REPRODUCTION IN BRITISH SEA ANEMONES

Cnidaria

Sea Anemones   Page 2


Sea Anemones found in the seas around the British Isles reproduce in a variety of ways. Scientific papers on this subject should be treated with caution as some of them are incorrect.

Methods:

Longitudinal Fission. Some species including the common southern and western species the Snakelocks Anemone, Anemonia viridis (=A. sulcata), reproduce by literally tearing itself into two anemones. Further observations.

Snakelocks Anemone Reproducing

Baceral Laceration: Fragments of tissue break off from the base and develop into new sea anemones, notably by the Plumose Anemones, Metridium senile, which is also reported to reproduce sexually.  Another picture.

Sexual Reproduction: Sperm and eggs discharged into the sea. This occurs in the Pimplet Anemone, Anthopleura ballii.
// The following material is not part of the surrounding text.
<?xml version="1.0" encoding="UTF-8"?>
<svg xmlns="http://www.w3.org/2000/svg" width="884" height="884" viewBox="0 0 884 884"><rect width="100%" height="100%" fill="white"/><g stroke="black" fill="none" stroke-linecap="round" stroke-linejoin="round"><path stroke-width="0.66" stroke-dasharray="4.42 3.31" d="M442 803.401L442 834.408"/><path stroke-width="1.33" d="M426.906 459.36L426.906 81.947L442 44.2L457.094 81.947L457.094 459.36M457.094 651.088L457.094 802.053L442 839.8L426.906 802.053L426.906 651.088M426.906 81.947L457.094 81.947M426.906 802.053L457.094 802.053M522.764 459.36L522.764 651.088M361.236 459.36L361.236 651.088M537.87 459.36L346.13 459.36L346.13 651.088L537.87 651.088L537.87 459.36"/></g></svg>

Beadlet Anemones are the most widespread of the British sea anemones, found the length of the British Isles on rocky shores and anywhere where there is a hard surface to attach to. Red, green and brown varieties occur. The best explanation of their reproduction is by parthenogenesis.

However, the author of this piece (Andy Horton) considers the likelihood that they break off internally to be a strong possibility. No evidence of sexual reproduction has been observed despite extensive study.
 

Beadlet Anemone, Actinia equina,  spurting out a young anemone.

 

 Parthenogenesis.

Transverse Fission.
Budding

 

Dahlia Anemone, Urticina felina.

The method of reproduction of the large, common and widespread sea anemone is not known.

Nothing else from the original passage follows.